The model-theoretic approach above suffers from a mild drawback, in the sense that the Compactness Theorem is equivalent to the Boolean Prime Ideal Theorem, which is a weak form of the Axiom of Choice. If one wishes to work strictly within the framework of the Zermelo-Fraenkel axioms, then one can use Hartogs’ result that for any set $ X $, it is possible to find an ordinal $ \alpha $ that cannot be mapped injectively into $ X $. In particular, there exists an ordinal $ \alpha $ that cannot be mapped injectively into $ \mathbb{R} $, much less embedded into $ \mathbb{R} $ in an order-preserving manner.

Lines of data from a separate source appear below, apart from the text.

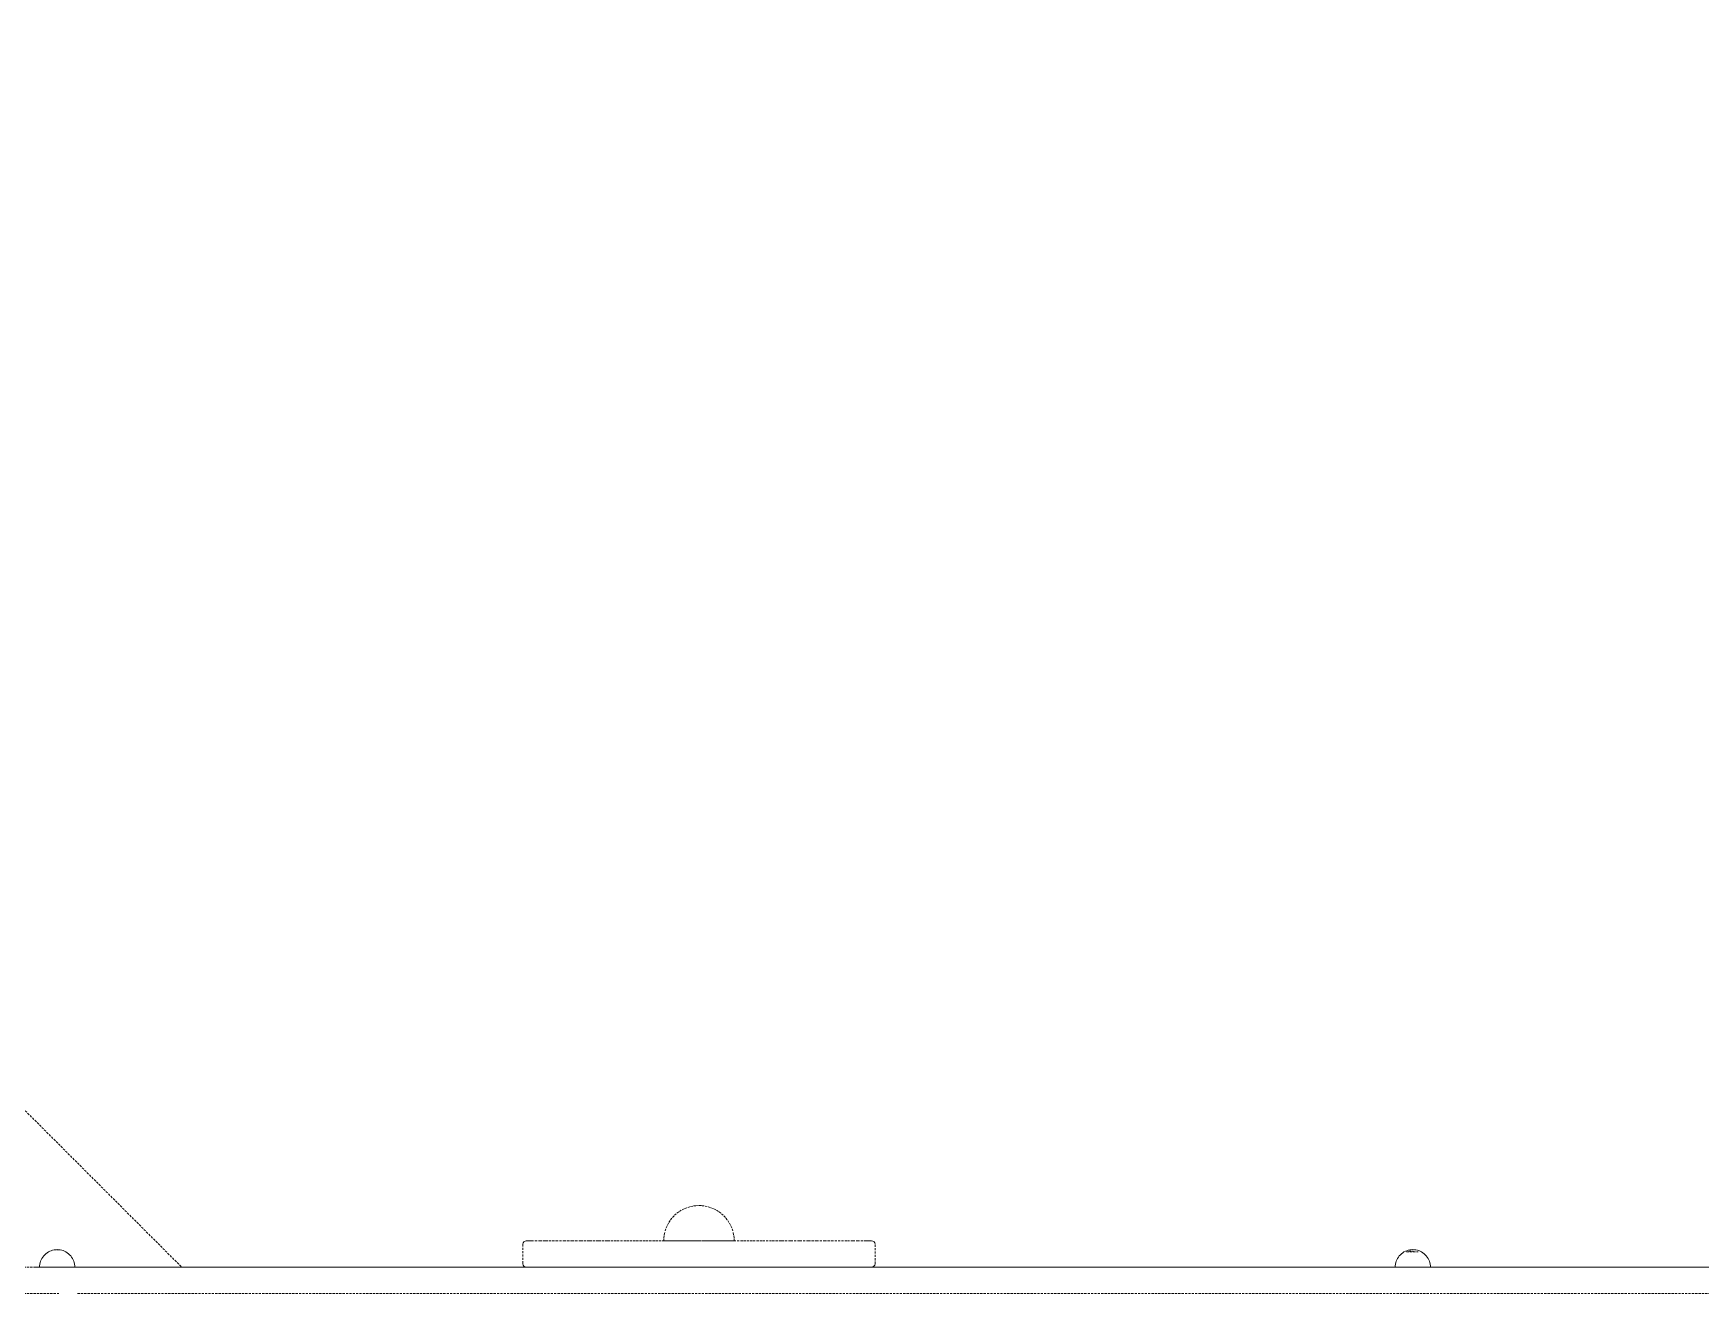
# Model space of a CAD drawing. Header units: millimetres. Extents: x -5899 to 5819, y -5159 to 4068.
# Drawn here: x 1177 to 2123, y 355 to 1071 of the extents above; entities that cross this region are included whole.
import ezdxf

# ---------------------------------------------------------------- set-up
doc = ezdxf.new("R2010")
doc.units = ezdxf.units.MM
doc.linetypes.add('HIDDEN', pattern=[1.905, 1.27, -0.635])
doc.layers.add('DIKOM_ОБЪЕКТ', color=7, linetype='Continuous')

msp = doc.modelspace()

# ---------------------------------------------------------------- linework, layer by layer
at = {"layer": 'DIKOM_ОБЪЕКТ', "color": 7, "linetype": 'HIDDEN', "lineweight": 15}
for p, q in [((560.419, 1070.832), (1260.817, 370.455)), ((1539.064, 398.32), (1537.999, 396.935)), ((1539.064, 398.32), (1537.999, 396.935)), ((1540.244, 399.607), (1539.064, 398.32)), ((1540.244, 399.607), (1539.064, 398.32)), ((1541.532, 400.786), (1540.244, 399.607)), ((1541.532, 400.786), (1540.244, 399.607)), ((1542.919, 401.848), (1541.532, 400.786)), ((1542.919, 401.848), (1541.532, 400.786)), ((1544.377, 402.776), (1542.919, 401.848)), ((1544.377, 402.776), (1542.919, 401.848)), ((1545.925, 403.581), (1544.377, 402.776)), ((1545.925, 403.581), (1544.377, 402.776)), ((1547.557, 404.257), (1545.925, 403.581)), ((1547.557, 404.257), (1545.925, 403.581)), ((1549.2, 404.774), (1547.557, 404.257)), ((1550.904, 405.151), (1549.2, 404.774)), ((1550.904, 405.151), (1549.224, 404.779)), ((1552.634, 405.378), (1550.904, 405.151)), ((1552.634, 405.378), (1554.376, 405.454)), ((1552.661, 405.381), (1554.376, 405.454)), ((1556.12, 405.378), (1554.376, 405.454)), ((1554.376, 405.454), (1556.092, 405.381)), ((1556.12, 405.378), (1557.823, 405.155)), ((1557.823, 405.155), (1559.529, 404.779)), ((1557.823, 405.155), (1559.529, 404.779)), ((1559.529, 404.779), (1561.196, 404.257)), ((1559.529, 404.779), (1561.196, 404.257)), ((1561.196, 404.257), (1562.81, 403.59)), ((1561.196, 404.257), (1562.81, 403.59)), ((1562.81, 403.59), (1564.359, 402.785)), ((1562.81, 403.59), (1564.359, 402.785)), ((1564.359, 402.785), (1565.834, 401.848)), ((1564.359, 402.785), (1565.834, 401.848)), ((1565.834, 401.848), (1567.22, 400.786)), ((1565.834, 401.848), (1567.22, 400.786)), ((1567.22, 400.786), (1568.509, 399.607)), ((1567.22, 400.786), (1568.509, 399.607)), ((1568.509, 399.607), (1569.69, 398.32)), ((1568.509, 399.607), (1569.69, 398.32)), ((1569.69, 398.32), (1570.753, 396.935)), ((1569.69, 398.32), (1570.753, 396.935)), ((1534.453, 387.197), (1534.681, 388.929)), ((1534.453, 387.197), (1534.681, 388.929)), ((1534.681, 388.929), (1535.059, 390.635)), ((1534.681, 388.929), (1535.059, 390.635)), ((1535.584, 392.3), (1535.059, 390.635)), ((1535.584, 392.3), (1535.059, 390.635)), ((1536.253, 393.914), (1535.584, 392.3)), ((1536.253, 393.914), (1535.584, 392.3)), ((1537.06, 395.463), (1536.253, 393.914)), ((1537.06, 395.463), (1536.253, 393.914)), ((1537.999, 396.935), (1537.06, 395.463)), ((1537.999, 396.935), (1537.06, 395.463)), ((1570.753, 396.935), (1571.692, 395.463)), ((1570.753, 396.935), (1571.692, 395.463)), ((1571.692, 395.463), (1572.5, 393.914)), ((1571.692, 395.463), (1572.5, 393.914)), ((1572.5, 393.914), (1573.168, 392.3)), ((1572.5, 393.914), (1573.168, 392.3)), ((1573.168, 392.3), (1573.694, 390.635)), ((1573.168, 392.3), (1573.694, 390.635)), ((1574.073, 388.929), (1573.694, 390.635)), ((1574.073, 388.929), (1573.694, 390.635)), ((1574.301, 387.197), (1574.073, 388.929)), ((1574.301, 387.197), (1574.073, 388.929)), ((1184.374, 378.651), (1183.681, 378.12)), ((1185.111, 379.12), (1184.374, 378.651)), ((1185.877, 379.518), (1185.111, 379.12)), ((1186.683, 379.851), (1185.877, 379.518)), ((1187.515, 380.114), (1186.683, 379.851)), ((1188.367, 380.303), (1187.515, 380.114)), ((1189.245, 380.418), (1188.367, 380.303)), ((1189.245, 380.418), (1190.103, 380.455)), ((1190.96, 380.418), (1189.245, 380.418)), ((1190.96, 380.418), (1190.103, 380.455)), ((1190.96, 380.418), (1191.827, 380.305)), ((1191.827, 380.305), (1192.679, 380.117)), ((1192.679, 380.117), (1193.512, 379.856)), ((1193.512, 379.856), (1194.32, 379.522)), ((1194.32, 379.522), (1195.094, 379.12)), ((1195.094, 379.12), (1195.831, 378.651)), ((1195.831, 378.651), (1196.525, 378.12)), ((1454.527, 384.219), (1454.376, 383.455)), ((1454.376, 383.455), (1454.376, 372.455)), ((1454.527, 384.219), (1455.067, 384.868)), ((1454.527, 384.219), (1455.067, 384.868)), ((1455.716, 385.302), (1455.067, 384.868)), ((1455.716, 385.302), (1455.067, 384.868)), ((1456.376, 385.454), (1455.716, 385.302)), ((1456.818, 385.454), (1456.376, 385.454)), ((1456.818, 385.454), (1457.785, 385.454)), ((1457.785, 385.454), (1459.278, 385.454)), ((1459.278, 385.454), (1461.32, 385.454)), ((1461.32, 385.454), (1463.944, 385.454)), ((1463.944, 385.454), (1467.019, 385.454)), ((1470.42, 385.454), (1467.019, 385.454)), ((1474.211, 385.454), (1470.42, 385.454)), ((1478.354, 385.454), (1474.211, 385.454)), ((1482.744, 385.454), (1478.354, 385.454)), ((1487.376, 385.454), (1482.744, 385.454)), ((1492.278, 385.454), (1487.376, 385.454)), ((1492.278, 385.454), (1497.35, 385.454)), ((1497.35, 385.454), (1502.528, 385.454)), ((1502.528, 385.454), (1507.875, 385.454)), ((1507.875, 385.454), (1513.319, 385.454)), ((1513.319, 385.454), (1518.769, 385.454)), ((1518.769, 385.454), (1524.244, 385.454)), ((1524.244, 385.454), (1529.75, 385.454)), ((1529.75, 385.454), (1535.257, 385.454)), ((1534.377, 385.454), (1534.453, 387.197)), ((1534.377, 385.454), (1534.453, 387.197)), ((1534.743, 385.454), (1535.158, 385.454)), ((1534.743, 385.454), (1535.158, 385.454)), ((1535.158, 385.454), (1534.743, 385.454)), ((1535.158, 385.454), (1534.743, 385.454)), ((1535.731, 385.454), (1535.158, 385.454)), ((1535.158, 385.454), (1535.731, 385.454)), ((1535.731, 385.454), (1535.158, 385.454)), ((1535.158, 385.454), (1535.731, 385.454)), ((1535.257, 385.454), (1540.747, 385.454)), ((1535.731, 385.454), (1536.468, 385.454)), ((1535.731, 385.454), (1536.468, 385.454)), ((1536.468, 385.454), (1535.731, 385.454)), ((1536.468, 385.454), (1535.731, 385.454)), ((1536.468, 385.454), (1537.376, 385.454)), ((1537.376, 385.454), (1536.468, 385.454)), ((1536.468, 385.454), (1537.376, 385.454)), ((1537.376, 385.454), (1536.468, 385.454)), ((1537.376, 385.454), (1538.431, 385.454)), ((1537.376, 385.454), (1538.431, 385.454)), ((1538.431, 385.454), (1537.376, 385.454)), ((1538.431, 385.454), (1537.376, 385.454)), ((1539.608, 385.454), (1538.431, 385.454)), ((1538.431, 385.454), (1539.608, 385.454)), ((1539.608, 385.454), (1538.431, 385.454)), ((1538.431, 385.454), (1539.608, 385.454)), ((1539.608, 385.454), (1540.892, 385.454)), ((1539.608, 385.454), (1540.892, 385.454)), ((1540.892, 385.454), (1539.608, 385.454)), ((1540.892, 385.454), (1539.608, 385.454)), ((1540.747, 385.454), (1546.236, 385.454)), ((1540.892, 385.454), (1542.318, 385.454)), ((1540.892, 385.454), (1542.318, 385.454)), ((1542.318, 385.454), (1540.892, 385.454)), ((1542.318, 385.454), (1540.892, 385.454)), ((1542.318, 385.454), (1543.861, 385.454)), ((1542.318, 385.454), (1543.861, 385.454)), ((1543.861, 385.454), (1542.318, 385.454)), ((1543.861, 385.454), (1542.318, 385.454)), ((1543.861, 385.454), (1545.48, 385.454)), ((1543.861, 385.454), (1545.48, 385.454)), ((1545.48, 385.454), (1543.861, 385.454)), ((1545.48, 385.454), (1543.861, 385.454)), ((1545.48, 385.454), (1547.143, 385.454)), ((1547.143, 385.454), (1545.48, 385.454)), ((1545.48, 385.454), (1547.143, 385.454)), ((1547.143, 385.454), (1545.48, 385.454)), ((1546.236, 385.454), (1551.725, 385.454)), ((1547.143, 385.454), (1548.889, 385.454)), ((1547.143, 385.454), (1548.889, 385.454)), ((1548.889, 385.454), (1547.143, 385.454)), ((1547.143, 385.454), (1548.889, 385.454)), ((1550.706, 385.454), (1548.889, 385.454)), ((1548.889, 385.454), (1550.706, 385.454)), ((1550.706, 385.454), (1548.889, 385.454)), ((1550.706, 385.454), (1548.889, 385.454)), ((1550.706, 385.454), (1552.551, 385.454)), ((1550.706, 385.454), (1552.551, 385.454)), ((1552.551, 385.454), (1550.706, 385.454)), ((1552.551, 385.454), (1550.706, 385.454)), ((1557.216, 385.454), (1551.725, 385.454)), ((1554.376, 385.454), (1552.551, 385.454)), ((1554.376, 385.454), (1552.551, 385.454)), ((1554.376, 385.454), (1552.551, 385.454)), ((1554.376, 385.454), (1552.551, 385.454)), ((1554.376, 385.454), (1556.202, 385.454)), ((1554.376, 385.454), (1556.202, 385.454)), ((1554.376, 385.454), (1556.202, 385.454)), ((1554.376, 385.454), (1556.202, 385.454)), ((1556.202, 385.454), (1558.047, 385.454)), ((1556.202, 385.454), (1558.047, 385.454)), ((1558.047, 385.454), (1556.202, 385.454)), ((1558.047, 385.454), (1556.202, 385.454)), ((1562.706, 385.454), (1557.216, 385.454)), ((1558.047, 385.454), (1559.865, 385.454)), ((1558.047, 385.454), (1559.865, 385.454)), ((1559.865, 385.454), (1558.047, 385.454)), ((1558.047, 385.454), (1559.865, 385.454)), ((1561.61, 385.454), (1559.865, 385.454)), ((1559.865, 385.454), (1561.61, 385.454)), ((1561.61, 385.454), (1559.865, 385.454)), ((1561.61, 385.454), (1559.865, 385.454)), ((1561.61, 385.454), (1563.273, 385.454)), ((1563.273, 385.454), (1561.61, 385.454)), ((1561.61, 385.454), (1563.273, 385.454)), ((1563.273, 385.454), (1561.61, 385.454)), ((1568.196, 385.454), (1562.706, 385.454)), ((1563.273, 385.454), (1564.892, 385.454)), ((1563.273, 385.454), (1564.892, 385.454)), ((1564.892, 385.454), (1563.273, 385.454)), ((1564.892, 385.454), (1563.273, 385.454)), ((1564.892, 385.454), (1566.435, 385.454)), ((1564.892, 385.454), (1566.435, 385.454)), ((1566.435, 385.454), (1564.892, 385.454)), ((1566.435, 385.454), (1564.892, 385.454)), ((1566.435, 385.454), (1567.861, 385.454)), ((1566.435, 385.454), (1567.861, 385.454)), ((1567.861, 385.454), (1566.435, 385.454)), ((1567.861, 385.454), (1566.435, 385.454)), ((1567.861, 385.454), (1569.144, 385.454)), ((1567.861, 385.454), (1569.144, 385.454)), ((1569.144, 385.454), (1567.861, 385.454)), ((1569.144, 385.454), (1567.861, 385.454)), ((1573.688, 385.454), (1568.196, 385.454)), ((1570.321, 385.454), (1569.144, 385.454)), ((1569.144, 385.454), (1570.321, 385.454)), ((1570.321, 385.454), (1569.144, 385.454)), ((1569.144, 385.454), (1570.321, 385.454)), ((1570.321, 385.454), (1571.376, 385.454)), ((1570.321, 385.454), (1571.376, 385.454)), ((1571.376, 385.454), (1570.321, 385.454)), ((1571.376, 385.454), (1570.321, 385.454)), ((1571.376, 385.454), (1572.284, 385.454)), ((1572.284, 385.454), (1571.376, 385.454)), ((1571.376, 385.454), (1572.284, 385.454)), ((1572.284, 385.454), (1571.376, 385.454)), ((1572.284, 385.454), (1573.022, 385.454)), ((1572.284, 385.454), (1573.022, 385.454)), ((1573.022, 385.454), (1572.284, 385.454)), ((1573.022, 385.454), (1572.284, 385.454)), ((1573.594, 385.454), (1573.022, 385.454)), ((1573.022, 385.454), (1573.594, 385.454)), ((1573.594, 385.454), (1573.022, 385.454)), ((1573.022, 385.454), (1573.594, 385.454)), ((1573.594, 385.454), (1574.011, 385.454)), ((1573.594, 385.454), (1574.011, 385.454)), ((1574.011, 385.454), (1573.594, 385.454)), ((1574.011, 385.454), (1573.594, 385.454)), ((1579.199, 385.454), (1573.688, 385.454)), ((1574.377, 385.454), (1574.301, 387.197)), ((1574.377, 385.454), (1574.301, 387.197)), ((1584.711, 385.454), (1579.199, 385.454)), ((1590.187, 385.454), (1584.711, 385.454)), ((1595.632, 385.454), (1590.187, 385.454)), ((1601.065, 385.454), (1595.632, 385.454)), ((1606.399, 385.454), (1601.065, 385.454)), ((1611.563, 385.454), (1606.399, 385.454)), ((1616.621, 385.454), (1611.563, 385.454)), ((1621.508, 385.454), (1616.621, 385.454)), ((1626.125, 385.454), (1621.508, 385.454)), ((1630.501, 385.454), (1626.125, 385.454)), ((1634.63, 385.454), (1630.501, 385.454)), ((1638.407, 385.454), (1634.63, 385.454)), ((1641.795, 385.454), (1638.407, 385.454)), ((1644.86, 385.454), (1641.795, 385.454)), ((1647.473, 385.454), (1644.86, 385.454)), ((1649.506, 385.454), (1647.473, 385.454)), ((1650.987, 385.454), (1649.506, 385.454)), ((1651.944, 385.454), (1650.987, 385.454)), ((1651.944, 385.454), (1652.376, 385.454)), ((1652.376, 385.454), (1653.142, 385.302)), ((1653.142, 385.302), (1653.792, 384.868)), ((1654.225, 384.219), (1653.792, 384.868)), ((1654.377, 383.455), (1654.225, 384.219)), ((1654.377, 372.455), (1654.377, 383.455)), ((1953.857, 378.651), (1953.163, 378.12)), ((1954.585, 379.115), (1953.857, 378.651)), ((1955.359, 379.518), (1954.585, 379.115)), ((1956.165, 379.851), (1955.359, 379.518)), ((1956.055, 379.12), (1962.697, 379.12)), ((1956.997, 380.114), (1956.165, 379.851)), ((1957.861, 380.305), (1956.997, 380.114)), ((1957.342, 379.522), (1960.057, 379.522)), ((1958.728, 380.418), (1957.861, 380.305)), ((1958.728, 380.418), (1959.585, 380.455)), ((1960.457, 380.416), (1959.585, 380.455)), ((1960.457, 380.416), (1961.308, 380.305)), ((1961.308, 380.305), (1962.162, 380.117)), ((1962.162, 380.117), (1962.994, 379.856)), ((1962.994, 379.856), (1963.802, 379.522)), ((1963.802, 379.522), (1964.576, 379.12)), ((1964.576, 379.12), (1965.314, 378.651)), ((1965.314, 378.651), (1966.007, 378.12)), ((892.894, 370.454), (1180.103, 370.455)), ((3133.39, 370.455), (1177.153, 370.454)), ((1178.261, 370.454), (3267.76, 370.455)), ((1180.103, 370.455), (1180.141, 371.326)), ((1180.141, 371.326), (1180.255, 372.192)), ((1180.255, 372.192), (1180.444, 373.044)), ((1180.707, 373.878), (1180.444, 373.044)), ((1181.041, 374.684), (1180.707, 373.878)), ((1181.445, 375.459), (1181.041, 374.684)), ((1181.597, 370.455), (1181.149, 370.455)), ((1181.149, 370.455), (1181.597, 370.455)), ((1181.915, 376.195), (1181.445, 375.459)), ((1182.127, 370.455), (1181.597, 370.455)), ((1181.597, 370.455), (1182.127, 370.455)), ((1182.447, 376.888), (1181.915, 376.195)), ((1182.725, 370.455), (1182.127, 370.455)), ((1182.127, 370.455), (1182.725, 370.455)), ((1183.037, 377.531), (1182.447, 376.888)), ((1183.377, 370.455), (1182.725, 370.455)), ((1182.725, 370.455), (1183.377, 370.455)), ((1183.681, 378.12), (1183.037, 377.531)), ((1184.071, 370.455), (1183.377, 370.455)), ((1183.377, 370.455), (1184.071, 370.455)), ((1184.829, 370.455), (1184.071, 370.455)), ((1184.071, 370.455), (1184.829, 370.455)), ((1185.647, 370.455), (1184.829, 370.455)), ((1184.829, 370.455), (1185.647, 370.455)), ((1186.504, 370.455), (1185.647, 370.455)), ((1185.647, 370.455), (1186.504, 370.455)), ((1187.378, 370.455), (1186.504, 370.455)), ((1186.504, 370.455), (1187.378, 370.455)), ((1188.256, 370.455), (1187.378, 370.455)), ((1187.378, 370.455), (1188.256, 370.455)), ((1189.168, 370.455), (1188.256, 370.455)), ((1188.256, 370.455), (1189.168, 370.455)), ((1190.103, 370.455), (1189.168, 370.455)), ((1189.168, 370.455), (1190.103, 370.455)), ((1191.038, 370.455), (1190.103, 370.455)), ((1190.103, 370.455), (1191.038, 370.455)), ((1562.607, 370.455), (1191.038, 370.455)), ((1191.038, 370.455), (1191.95, 370.455)), ((1191.95, 370.455), (1191.038, 370.455)), ((1191.95, 370.455), (1192.827, 370.455)), ((1192.827, 370.455), (1191.95, 370.455)), ((1192.827, 370.455), (1193.702, 370.455)), ((1193.702, 370.455), (1192.827, 370.455)), ((1193.702, 370.455), (1194.558, 370.455)), ((1194.558, 370.455), (1193.702, 370.455)), ((1194.558, 370.455), (1195.376, 370.455)), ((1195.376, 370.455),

No, absolutely not. Assuming the axiom of choice, let $\kappa$ be any cardinal greater than $2^\omega=|\Bbb R|$; then $\kappa$ in its natural order is a linear order of greater cardinality than $\Bbb R$. If the axiom of choice fails in such a way that $\Bbb R$ cannot be well-ordered, there is still a well-ordered set that cannot be embedded in $\Bbb R$, the Hartogs ordinal of $\Bbb R$.

The real line is the largest order separable linearly ordered set. That is, if $(L,\preceq)$ is a linearly ordered set such that a countable set $C\subseteq L$ exists satisfying that for all $x,y\in L$ with $x\prec y$ there is $c\in C$ with $x\preceq c\preceq y$, then there exists a function $f:L\to\mathbb{R}$ such that $f(x)<f(y)$ iff $x<y$ for all $x$ and $y$ in $L$. The existence of such a set $C$ is also necessary. A proof of these facts is given here.

Here is yet another counterexample without order separability: Let $(W,\preceq)$ be an uncountable well-ordered set. Let $W'$ be $W$ without the maximum of $W$ if such a maximum exists. For each $w\in W'$, let $S(w)$ be its immediate sucessor given by $S(w)=\min\{w'\in W:w'\succ w\}$. It is easily seen that $x\prec y$ implies $x\prec S(x)\preceq y\prec S(y)$. So if a strictly increasing function $f:W\to\mathbb{R}$ would exist, the uncountable family of intervals $\{(f(w),f(S(w))):w\in W'\}$ would be disjoint, which cannot be for the same reason pointed out by Haskel Curry in his answer.